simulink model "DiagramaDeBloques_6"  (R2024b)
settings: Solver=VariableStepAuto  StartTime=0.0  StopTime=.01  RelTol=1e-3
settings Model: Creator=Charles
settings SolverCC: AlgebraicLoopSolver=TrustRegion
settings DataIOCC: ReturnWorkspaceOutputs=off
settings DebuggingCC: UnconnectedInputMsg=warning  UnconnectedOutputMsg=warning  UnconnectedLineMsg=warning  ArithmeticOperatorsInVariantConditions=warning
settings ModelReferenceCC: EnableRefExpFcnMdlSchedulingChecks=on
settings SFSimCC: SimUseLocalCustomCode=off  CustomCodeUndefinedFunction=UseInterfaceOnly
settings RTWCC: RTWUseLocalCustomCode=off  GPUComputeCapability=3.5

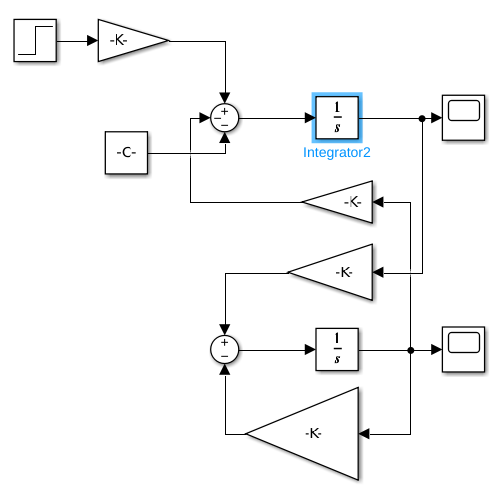
[thumbnail: Simulink's stored preview of the top-level diagram]
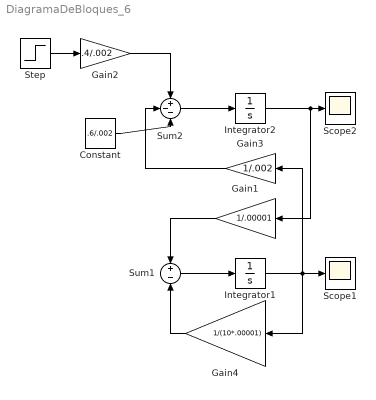
== system DiagramaDeBloques_6 ==
  Constant : Constant  Value=.6/.002
  Gain1 : Gain  Gain=1/.00001
  Gain2 : Gain  Gain=.4/.002
  Gain3 : Gain  Gain=1/.002
  Gain4 : Gain  Gain=1/(10*.00001)
  Integrator1 : Integrator
  Integrator2 : Integrator
  Scope1 : Scope
  Scope2 : Scope
  Step : Step  Time=0  After=32  SampleTime=0
  Sum1 : Sum  Inputs=+-
  Sum2 : Sum  Inputs=+--
  wires:
  Integrator1/1 -> Gain4/1, Gain3/1, Scope1/1
  Integrator2/1 -> Gain1/1, Scope2/1
  Step/1 -> Gain2/1
  Gain2/1 -> Sum2/1
  Sum2/1 -> Integrator2/1
  Sum1/1 -> Integrator1/1
  Gain3/1 -> Sum2/2
  Constant/1 -> Sum2/3
  Gain1/1 -> Sum1/1
  Gain4/1 -> Sum1/2

★ ★ ★

◆ **What to produce**
The complete material, set down exactly and stripped of pictures, is the expected response.

◆ **Solution below**
simulink model "DiagramaDeBloques_6"  (R2024b)
settings: Solver=VariableStepAuto  StartTime=0.0  StopTime=.01  RelTol=1e-3
settings Model: Creator=Charles
settings SolverCC: AlgebraicLoopSolver=TrustRegion
settings DataIOCC: ReturnWorkspaceOutputs=off
settings DebuggingCC: UnconnectedInputMsg=warning  UnconnectedOutputMsg=warning  UnconnectedLineMsg=warning  ArithmeticOperatorsInVariantConditions=warning
settings ModelReferenceCC: EnableRefExpFcnMdlSchedulingChecks=on
settings SFSimCC: SimUseLocalCustomCode=off  CustomCodeUndefinedFunction=UseInterfaceOnly
settings RTWCC: RTWUseLocalCustomCode=off  GPUComputeCapability=3.5

[thumbnail: Simulink's stored preview of the top-level diagram]
== system DiagramaDeBloques_6 ==
  Constant : Constant  Value=.6/.002
  Gain1 : Gain  Gain=1/.00001
  Gain2 : Gain  Gain=.4/.002
  Gain3 : Gain  Gain=1/.002
  Gain4 : Gain  Gain=1/(10*.00001)
  Integrator1 : Integrator
  Integrator2 : Integrator
  Scope1 : Scope
  Scope2 : Scope
  Step : Step  Time=0  After=32  SampleTime=0
  Sum1 : Sum  Inputs=+-
  Sum2 : Sum  Inputs=+--
  wires:
  Integrator1/1 -> Gain4/1, Gain3/1, Scope1/1
  Integrator2/1 -> Gain1/1, Scope2/1
  Step/1 -> Gain2/1
  Gain2/1 -> Sum2/1
  Sum2/1 -> Integrator2/1
  Sum1/1 -> Integrator1/1
  Gain3/1 -> Sum2/2
  Constant/1 -> Sum2/3
  Gain1/1 -> Sum1/1
  Gain4/1 -> Sum1/2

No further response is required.